(Source records)

Content starts

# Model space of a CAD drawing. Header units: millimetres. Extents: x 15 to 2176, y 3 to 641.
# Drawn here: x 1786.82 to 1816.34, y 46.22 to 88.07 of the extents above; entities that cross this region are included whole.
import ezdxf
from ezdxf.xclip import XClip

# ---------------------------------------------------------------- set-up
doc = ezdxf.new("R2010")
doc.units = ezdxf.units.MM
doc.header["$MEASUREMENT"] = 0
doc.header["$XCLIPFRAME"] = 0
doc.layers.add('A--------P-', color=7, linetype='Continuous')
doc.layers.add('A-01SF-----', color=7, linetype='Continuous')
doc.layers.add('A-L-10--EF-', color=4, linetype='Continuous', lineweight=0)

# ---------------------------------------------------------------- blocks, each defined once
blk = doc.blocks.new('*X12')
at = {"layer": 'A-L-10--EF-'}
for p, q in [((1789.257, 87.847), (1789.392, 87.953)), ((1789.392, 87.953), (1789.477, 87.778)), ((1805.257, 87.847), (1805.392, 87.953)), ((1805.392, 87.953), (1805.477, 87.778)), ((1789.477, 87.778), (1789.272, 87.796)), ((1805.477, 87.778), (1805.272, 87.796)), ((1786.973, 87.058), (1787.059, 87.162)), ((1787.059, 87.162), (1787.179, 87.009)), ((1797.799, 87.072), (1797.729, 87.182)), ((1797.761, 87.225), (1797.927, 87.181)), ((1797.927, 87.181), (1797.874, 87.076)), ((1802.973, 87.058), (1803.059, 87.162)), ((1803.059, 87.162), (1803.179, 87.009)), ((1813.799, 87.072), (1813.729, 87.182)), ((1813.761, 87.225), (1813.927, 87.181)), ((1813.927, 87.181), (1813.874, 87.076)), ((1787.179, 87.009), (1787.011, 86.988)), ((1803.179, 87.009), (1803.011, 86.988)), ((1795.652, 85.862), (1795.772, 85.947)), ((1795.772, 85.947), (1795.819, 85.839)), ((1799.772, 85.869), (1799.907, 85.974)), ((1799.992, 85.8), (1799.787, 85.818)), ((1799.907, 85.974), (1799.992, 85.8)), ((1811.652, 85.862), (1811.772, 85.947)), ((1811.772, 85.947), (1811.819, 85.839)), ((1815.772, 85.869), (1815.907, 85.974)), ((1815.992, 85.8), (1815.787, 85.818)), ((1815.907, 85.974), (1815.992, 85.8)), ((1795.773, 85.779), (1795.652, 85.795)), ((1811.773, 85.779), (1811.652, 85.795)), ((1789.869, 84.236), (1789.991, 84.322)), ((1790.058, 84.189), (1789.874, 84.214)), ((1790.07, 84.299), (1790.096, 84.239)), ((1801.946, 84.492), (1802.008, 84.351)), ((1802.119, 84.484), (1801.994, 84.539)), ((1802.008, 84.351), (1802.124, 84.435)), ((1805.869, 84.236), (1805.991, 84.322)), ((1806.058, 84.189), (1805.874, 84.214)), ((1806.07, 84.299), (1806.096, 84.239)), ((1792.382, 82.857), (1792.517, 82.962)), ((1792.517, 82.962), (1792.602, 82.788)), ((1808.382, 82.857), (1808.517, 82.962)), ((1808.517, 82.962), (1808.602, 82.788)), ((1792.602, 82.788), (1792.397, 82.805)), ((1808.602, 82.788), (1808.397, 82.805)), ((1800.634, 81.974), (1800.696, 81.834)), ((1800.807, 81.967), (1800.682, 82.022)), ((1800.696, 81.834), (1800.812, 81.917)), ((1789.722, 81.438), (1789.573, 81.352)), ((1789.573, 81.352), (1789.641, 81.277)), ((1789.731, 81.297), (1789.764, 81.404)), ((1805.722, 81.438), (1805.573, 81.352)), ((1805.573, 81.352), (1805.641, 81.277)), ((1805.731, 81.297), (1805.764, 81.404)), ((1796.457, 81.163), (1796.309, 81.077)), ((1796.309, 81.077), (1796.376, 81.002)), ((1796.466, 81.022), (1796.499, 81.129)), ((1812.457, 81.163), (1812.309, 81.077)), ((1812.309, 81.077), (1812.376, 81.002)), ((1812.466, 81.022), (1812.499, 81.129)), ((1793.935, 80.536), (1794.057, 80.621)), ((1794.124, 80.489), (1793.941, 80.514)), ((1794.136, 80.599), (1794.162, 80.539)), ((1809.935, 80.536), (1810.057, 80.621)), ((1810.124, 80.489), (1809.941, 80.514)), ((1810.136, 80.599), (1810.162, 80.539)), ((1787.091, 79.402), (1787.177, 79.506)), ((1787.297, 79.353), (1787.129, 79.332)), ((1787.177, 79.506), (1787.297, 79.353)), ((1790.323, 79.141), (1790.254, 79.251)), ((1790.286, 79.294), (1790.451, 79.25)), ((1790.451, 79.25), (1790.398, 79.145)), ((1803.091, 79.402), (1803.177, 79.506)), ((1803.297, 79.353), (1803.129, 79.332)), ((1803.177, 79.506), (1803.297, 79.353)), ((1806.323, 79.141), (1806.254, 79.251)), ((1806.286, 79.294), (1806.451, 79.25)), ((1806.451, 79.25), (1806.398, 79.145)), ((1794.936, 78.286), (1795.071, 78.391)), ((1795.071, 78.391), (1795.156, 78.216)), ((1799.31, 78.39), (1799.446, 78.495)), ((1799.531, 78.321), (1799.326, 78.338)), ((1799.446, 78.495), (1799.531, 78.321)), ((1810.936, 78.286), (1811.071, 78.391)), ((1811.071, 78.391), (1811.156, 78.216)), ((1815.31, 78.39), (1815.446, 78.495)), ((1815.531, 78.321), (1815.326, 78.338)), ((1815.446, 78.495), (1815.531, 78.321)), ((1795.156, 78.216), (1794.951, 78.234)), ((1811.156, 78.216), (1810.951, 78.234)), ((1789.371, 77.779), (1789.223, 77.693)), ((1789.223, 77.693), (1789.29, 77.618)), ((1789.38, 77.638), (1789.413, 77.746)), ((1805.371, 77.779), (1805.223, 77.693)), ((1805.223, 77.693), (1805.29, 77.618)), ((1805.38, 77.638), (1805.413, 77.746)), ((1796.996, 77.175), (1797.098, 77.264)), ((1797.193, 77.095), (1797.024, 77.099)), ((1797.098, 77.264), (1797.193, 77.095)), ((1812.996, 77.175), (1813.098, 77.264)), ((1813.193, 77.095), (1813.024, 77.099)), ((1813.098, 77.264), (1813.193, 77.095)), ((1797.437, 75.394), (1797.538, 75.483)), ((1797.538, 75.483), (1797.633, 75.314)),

Content ends

WORK ITEM> All of the entries above should be output exactly as they are.

SOLUTION TO THIS TASK>
# Model space of a CAD drawing. Header units: millimetres. Extents: x 15 to 2176, y 3 to 641.
# Drawn here: x 1786.82 to 1816.34, y 46.22 to 88.07 of the extents above; entities that cross this region are included whole.
import ezdxf
from ezdxf.xclip import XClip

# ---------------------------------------------------------------- set-up
doc = ezdxf.new("R2010")
doc.units = ezdxf.units.MM
doc.header["$MEASUREMENT"] = 0
doc.header["$XCLIPFRAME"] = 0
doc.layers.add('A--------P-', color=7, linetype='Continuous')
doc.layers.add('A-01SF-----', color=7, linetype='Continuous')
doc.layers.add('A-L-10--EF-', color=4, linetype='Continuous', lineweight=0)

# ---------------------------------------------------------------- blocks, each defined once
blk = doc.blocks.new('*X12')
at = {"layer": 'A-L-10--EF-'}
for p, q in [((1789.257, 87.847), (1789.392, 87.953)), ((1789.392, 87.953), (1789.477, 87.778)), ((1805.257, 87.847), (1805.392, 87.953)), ((1805.392, 87.953), (1805.477, 87.778)), ((1789.477, 87.778), (1789.272, 87.796)), ((1805.477, 87.778), (1805.272, 87.796)), ((1786.973, 87.058), (1787.059, 87.162)), ((1787.059, 87.162), (1787.179, 87.009)), ((1797.799, 87.072), (1797.729, 87.182)), ((1797.761, 87.225), (1797.927, 87.181)), ((1797.927, 87.181), (1797.874, 87.076)), ((1802.973, 87.058), (1803.059, 87.162)), ((1803.059, 87.162), (1803.179, 87.009)), ((1813.799, 87.072), (1813.729, 87.182)), ((1813.761, 87.225), (1813.927, 87.181)), ((1813.927, 87.181), (1813.874, 87.076)), ((1787.179, 87.009), (1787.011, 86.988)), ((1803.179, 87.009), (1803.011, 86.988)), ((1795.652, 85.862), (1795.772, 85.947)), ((1795.772, 85.947), (1795.819, 85.839)), ((1799.772, 85.869), (1799.907, 85.974)), ((1799.992, 85.8), (1799.787, 85.818)), ((1799.907, 85.974), (1799.992, 85.8)), ((1811.652, 85.862), (1811.772, 85.947)), ((1811.772, 85.947), (1811.819, 85.839)), ((1815.772, 85.869), (1815.907, 85.974)), ((1815.992, 85.8), (1815.787, 85.818)), ((1815.907, 85.974), (1815.992, 85.8)), ((1795.773, 85.779), (1795.652, 85.795)), ((1811.773, 85.779), (1811.652, 85.795)), ((1789.869, 84.236), (1789.991, 84.322)), ((1790.058, 84.189), (1789.874, 84.214)), ((1790.07, 84.299), (1790.096, 84.239)), ((1801.946, 84.492), (1802.008, 84.351)), ((1802.119, 84.484), (1801.994, 84.539)), ((1802.008, 84.351), (1802.124, 84.435)), ((1805.869, 84.236), (1805.991, 84.322)), ((1806.058, 84.189), (1805.874, 84.214)), ((1806.07, 84.299), (1806.096, 84.239)), ((1792.382, 82.857), (1792.517, 82.962)), ((1792.517, 82.962), (1792.602, 82.788)), ((1808.382, 82.857), (1808.517, 82.962)), ((1808.517, 82.962), (1808.602, 82.788)), ((1792.602, 82.788), (1792.397, 82.805)), ((1808.602, 82.788), (1808.397, 82.805)), ((1800.634, 81.974), (1800.696, 81.834)), ((1800.807, 81.967), (1800.682, 82.022)), ((1800.696, 81.834), (1800.812, 81.917)), ((1789.722, 81.438), (1789.573, 81.352)), ((1789.573, 81.352), (1789.641, 81.277)), ((1789.731, 81.297), (1789.764, 81.404)), ((1805.722, 81.438), (1805.573, 81.352)), ((1805.573, 81.352), (1805.641, 81.277)), ((1805.731, 81.297), (1805.764, 81.404)), ((1796.457, 81.163), (1796.309, 81.077)), ((1796.309, 81.077), (1796.376, 81.002)), ((1796.466, 81.022), (1796.499, 81.129)), ((1812.457, 81.163), (1812.309, 81.077)), ((1812.309, 81.077), (1812.376, 81.002)), ((1812.466, 81.022), (1812.499, 81.129)), ((1793.935, 80.536), (1794.057, 80.621)), ((1794.124, 80.489), (1793.941, 80.514)), ((1794.136, 80.599), (1794.162, 80.539)), ((1809.935, 80.536), (1810.057, 80.621)), ((1810.124, 80.489), (1809.941, 80.514)), ((1810.136, 80.599), (1810.162, 80.539)), ((1787.091, 79.402), (1787.177, 79.506)), ((1787.297, 79.353), (1787.129, 79.332)), ((1787.177, 79.506), (1787.297, 79.353)), ((1790.323, 79.141), (1790.254, 79.251)), ((1790.286, 79.294), (1790.451, 79.25)), ((1790.451, 79.25), (1790.398, 79.145)), ((1803.091, 79.402), (1803.177, 79.506)), ((1803.297, 79.353), (1803.129, 79.332)), ((1803.177, 79.506), (1803.297, 79.353)), ((1806.323, 79.141), (1806.254, 79.251)), ((1806.286, 79.294), (1806.451, 79.25)), ((1806.451, 79.25), (1806.398, 79.145)), ((1794.936, 78.286), (1795.071, 78.391)), ((1795.071, 78.391), (1795.156, 78.216)), ((1799.31, 78.39), (1799.446, 78.495)), ((1799.531, 78.321), (1799.326, 78.338)), ((1799.446, 78.495), (1799.531, 78.321)), ((1810.936, 78.286), (1811.071, 78.391)), ((1811.071, 78.391), (1811.156, 78.216)), ((1815.31, 78.39), (1815.446, 78.495)), ((1815.531, 78.321), (1815.326, 78.338)), ((1815.446, 78.495), (1815.531, 78.321)), ((1795.156, 78.216), (1794.951, 78.234)), ((1811.156, 78.216), (1810.951, 78.234)), ((1789.371, 77.779), (1789.223, 77.693)), ((1789.223, 77.693), (1789.29, 77.618)), ((1789.38, 77.638), (1789.413, 77.746)), ((1805.371, 77.779), (1805.223, 77.693)), ((1805.223, 77.693), (1805.29, 77.618)), ((1805.38, 77.638), (1805.413, 77.746)), ((1796.996, 77.175), (1797.098, 77.264)), ((1797.193, 77.095), (1797.024, 77.099)), ((1797.098, 77.264), (1797.193, 77.095)), ((1812.996, 77.175), (1813.098, 77.264)), ((1813.193, 77.095), (1813.024, 77.099)), ((1813.098, 77.264), (1813.193, 77.095)), ((1797.437, 75.394), (1797.538, 75.483)), ((1797.538, 75.483), (1797.633, 75.314)),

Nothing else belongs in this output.